Eventually I struck up a conversation with a twenty-something year old guy who had excellent tattoos. He lived a couple hours away, far enough to be a buffer for realism. In our little private chat window he began describing all of the dirty things he wanted to do with me – he loved to bottom and even bareback. I didn’t want to ruin his fantasy by telling him about my own reality, so I played along as he begged me to fuck him.

“When can we meet to actually do this?” he asked. Suddenly the sex was not so cyber anymore – he wanted to live out this fantasy. My arousal immediately let go of the rope. Emotion won the game. Now with no sex drive, I wondered if I could at least turn this into a valuable lesson for the young man.

“So if we met in person, you would let me fuck you bareback?” I asked him. He confirmed. “Would you let me cum inside you?” He confirmed again. “Well, then you just contracted HIV,” I climbed on my high horse. “Good thing I know my status otherwise I would have totally given it to you.” Surely my powerful statement would remind him about the risks of barebacking and jump start his engine on the road to safer sex.

“Umm, yeah,” he said contrary to what I expected. “That is the point. I want to get HIV, especially from you.”

He couldn’t see the horror across my face. I didn’t understand what he was saying. As I asked him to clarify, he kept verifying that he indeed wasn’t looking for love, but the bug.

I closed the chat window to cut him off. How could anyone want to get a disease, especially one so serious? How could someone want the very thing that wreaked havoc in my own life? I had encountered my very first bug chaser and loathed it.

A bug chaser is a person who pursues sex with those who have HIV in order to get infected on purpose. It’s a mostly-secret subculture of mostly gay men.

I researched more online to make sense of it. These guys seemed to have their reasons – they loved bareback sex, and with modern medication, the virus wasn’t killing people anymore. To them, it was win/win. But these reasons weren’t good enough – it wasn’t fair they saw HIV as an opportunity while it was ruining my own life.
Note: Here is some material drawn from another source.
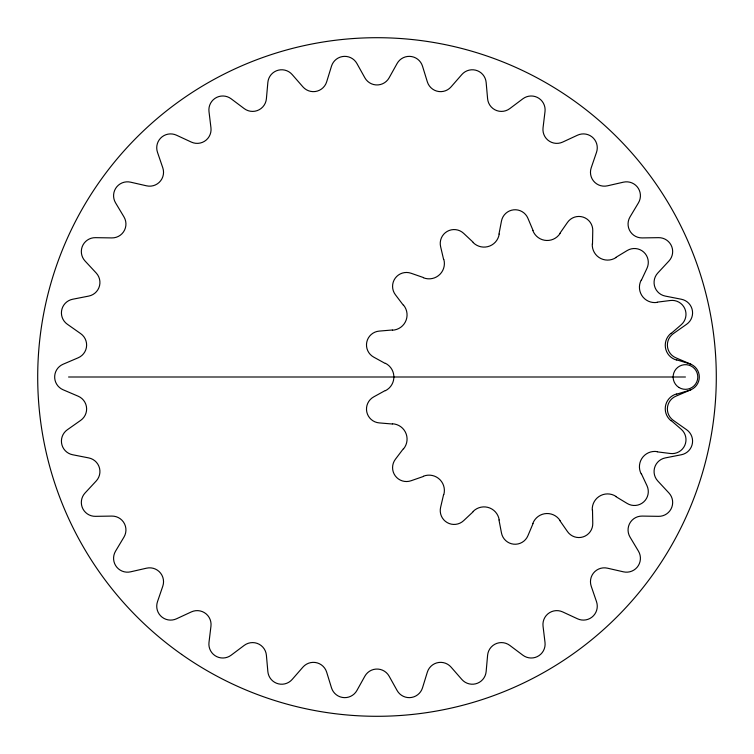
<?xml version="1.0" encoding="UTF-8"?>
<svg xmlns="http://www.w3.org/2000/svg" width="754" height="754" viewBox="0 0 754 754"><rect width="100%" height="100%" fill="white"/><g stroke="black" fill="none" stroke-linecap="round" stroke-linejoin="round"><path stroke-width="1.13" d="M592.503 243.862L592.767 230.601A13.883 13.883 0 0 0 567.498 222.392L559.92 233.269M498.978 234.032L501.476 221.007A13.883 13.883 0 0 1 527.894 218.226L533.05 230.451M443.616 494.492L440.6 507.404A13.883 13.883 0 0 0 463.606 520.694L473.286 511.617M533.05 523.549L527.894 535.774A13.883 13.883 0 0 1 501.476 532.993L498.978 519.968M641.352 280.29L646.989 268.283A13.883 13.883 0 0 0 627.243 250.507L615.895 257.368M403.399 448.696L395.388 459.271A13.883 13.883 0 0 0 411.005 480.769L423.541 476.415M671.164 333.447L681.201 324.767A13.883 13.883 0 0 0 670.391 300.497L657.234 302.147M385.285 390.506L373.673 396.906A13.883 13.883 0 0 0 379.196 422.9L392.41 424.021M690.9 389.771L675.801 396.218A13.874 13.874 0 0 0 673.265 420.327L686.696 429.78A13.883 13.883 0 0 1 681.39 454.747L665.273 457.914A13.874 13.874 0 0 0 657.78 480.977L668.958 493.012A13.883 13.883 0 0 1 658.572 516.339L642.154 516.085A13.874 13.874 0 0 0 630.024 537.084L638.459 551.183A13.883 13.883 0 0 1 623.445 571.834L607.441 568.177A13.874 13.874 0 0 0 591.211 586.197L596.527 601.73A13.883 13.883 0 0 1 577.555 618.817L562.654 611.909A13.874 13.874 0 0 0 543.04 626.159L545.01 642.465A13.883 13.883 0 0 1 522.899 655.235L509.761 645.377A13.874 13.874 0 0 0 487.602 655.235L486.141 671.597A13.883 13.883 0 0 1 461.863 679.486L451.062 667.111A13.874 13.874 0 0 0 427.339 672.153L422.504 687.846A13.883 13.883 0 0 1 397.113 690.523L389.121 676.168A13.874 13.874 0 0 0 364.879 676.168L356.887 690.523A13.883 13.883 0 0 1 331.496 687.846L326.661 672.153A13.874 13.874 0 0 0 302.938 667.111L292.137 679.486A13.883 13.883 0 0 1 267.858 671.597L266.398 655.235A13.874 13.874 0 0 0 244.239 645.377L231.101 655.235A13.883 13.883 0 0 1 208.99 642.465L210.96 626.159A13.874 13.874 0 0 0 191.346 611.909L176.445 618.817A13.883 13.883 0 0 1 157.473 601.73L162.789 586.197A13.874 13.874 0 0 0 146.559 568.177L130.555 571.834A13.883 13.883 0 0 1 115.541 551.183L123.976 537.084A13.874 13.874 0 0 0 111.846 516.085L95.428 516.339A13.883 13.883 0 0 1 85.042 493.012L96.22 480.977A13.874 13.874 0 0 0 88.727 457.914L72.61 454.747A13.883 13.883 0 0 1 67.304 429.78L80.735 420.327A13.874 13.874 0 0 0 78.199 396.218L63.1 389.771A13.883 13.883 0 0 1 63.1 364.229L78.199 357.782A13.874 13.874 0 0 0 80.735 333.673L67.304 324.22A13.883 13.883 0 0 1 72.61 299.253L88.727 296.086A13.874 13.874 0 0 0 96.22 273.023L85.042 260.988A13.883 13.883 0 0 1 95.428 237.661L111.846 237.915A13.874 13.874 0 0 0 123.976 216.916L115.541 202.817A13.883 13.883 0 0 1 130.555 182.166L146.559 185.823A13.874 13.874 0 0 0 162.789 167.803L157.473 152.27A13.883 13.883 0 0 1 176.445 135.183L191.346 142.091A13.874 13.874 0 0 0 210.96 127.841L208.99 111.535A13.883 13.883 0 0 1 231.101 98.765L244.239 108.623A13.874 13.874 0 0 0 266.398 98.765L267.858 82.403A13.883 13.883 0 0 1 292.137 74.514L302.938 86.889A13.874 13.874 0 0 0 326.661 81.847L331.496 66.154A13.883 13.883 0 0 1 356.887 63.477L364.879 77.832A13.874 13.874 0 0 0 389.121 77.832L397.113 63.477A13.883 13.883 0 0 1 422.504 66.154L427.339 81.847A13.874 13.874 0 0 0 451.062 86.889L461.863 74.514A13.883 13.883 0 0 1 486.141 82.403L487.602 98.765A13.874 13.874 0 0 0 509.761 108.623L522.899 98.765A13.883 13.883 0 0 1 545.01 111.535L543.04 127.841A13.874 13.874 0 0 0 562.654 142.091L577.555 135.183A13.883 13.883 0 0 1 596.527 152.27L591.211 167.803A13.874 13.874 0 0 0 607.441 185.823L623.445 182.166A13.883 13.883 0 0 1 638.459 202.817L630.024 216.916A13.874 13.874 0 0 0 642.154 237.915L658.572 237.661A13.883 13.883 0 0 1 668.958 260.988L657.78 273.023A13.874 13.874 0 0 0 665.273 296.086L681.39 299.253A13.883 13.883 0 0 1 686.696 324.22L673.265 333.673A13.874 13.874 0 0 0 675.801 357.782L690.9 364.229M676.781 394.125L689.476 390.28A13.883 13.883 0 0 0 689.476 363.72L676.781 359.875M392.41 329.979L379.196 331.1A13.883 13.883 0 0 0 373.673 357.094L385.285 363.494M68.548 377L685.452 377M657.234 451.853L670.391 453.503A13.883 13.883 0 0 0 681.201 429.233L671.164 420.553M423.541 277.585L411.005 273.231A13.883 13.883 0 0 0 395.388 294.729L403.399 305.304M615.895 496.632L627.243 503.493A13.883 13.883 0 0 0 646.989 485.717L641.352 473.71M473.286 242.383L463.606 233.306A13.883 13.883 0 0 0 440.6 246.596L443.616 259.508M559.92 520.731L567.498 531.608A13.883 13.883 0 0 0 592.767 523.399L592.503 510.138M616.027 257.566A15.334 15.334 0 0 1 592.276 243.844M560.118 233.401A15.334 15.334 0 0 1 532.833 230.526M499.214 234.07A15.334 15.334 0 0 1 473.126 242.534M443.842 259.442A15.334 15.334 0 0 1 423.456 277.792M403.579 305.153A15.334 15.334 0 0 1 392.419 330.205M385.398 363.277A15.334 15.334 0 0 1 385.388 390.713M392.419 423.786A15.334 15.334 0 0 1 403.579 448.847M423.446 476.198A15.334 15.334 0 0 1 443.833 494.549M473.116 511.457A15.334 15.334 0 0 1 499.205 519.94M532.824 523.464A15.334 15.334 0 0 1 560.109 520.609M592.258 510.156A15.334 15.334 0 0 1 616.018 496.443M641.145 473.814A15.334 15.334 0 0 1 657.271 451.627M671.022 420.741A15.334 15.334 0 0 1 676.724 393.908M676.724 360.101A15.334 15.334 0 0 1 671.032 333.268M657.271 302.382A15.334 15.334 0 0 1 641.154 280.186M181.629 654.406A339.3 339.3 0 0 0 714.924 407.49A339.3 339.3 0 0 0 234.437 69.104A339.3 339.3 0 0 0 181.629 654.406M678.968 387.49A12.337 12.337 0 0 0 697.789 377.377A12.337 12.337 0 0 0 679.608 366.133A12.337 12.337 0 0 0 678.968 387.49"/></g></svg>

A week later, I got back in the chat rooms and the bug-chasing boy quickly found me. He didn’t apologize, and reignited the pressure to have sex. I switched the conversation and asked him what this was all about. He gave the same reasons the websites did. I argued that life with HIV wasn’t black and white like that, but my reflection didn’t seem to deter him.

“Besides,” he wrote. “This way I get to at least know who, how and when I get HIV. And you are a really nice guy. I would rather get it from you than some jerk.”

With this little flattery, he did hit close to home. So many poz people hated the fact that they didn’t know when or with who they were infected.

For this bug chaser, HIV was inevitable and he might as well have some choice in the matter. But for me and most with HIV, being infected was devastating mistake. Perhaps our discrepancy was more about perception – he wanted to put a nice face on a grimacing disease, I grimaced about a disease that could never seem nice.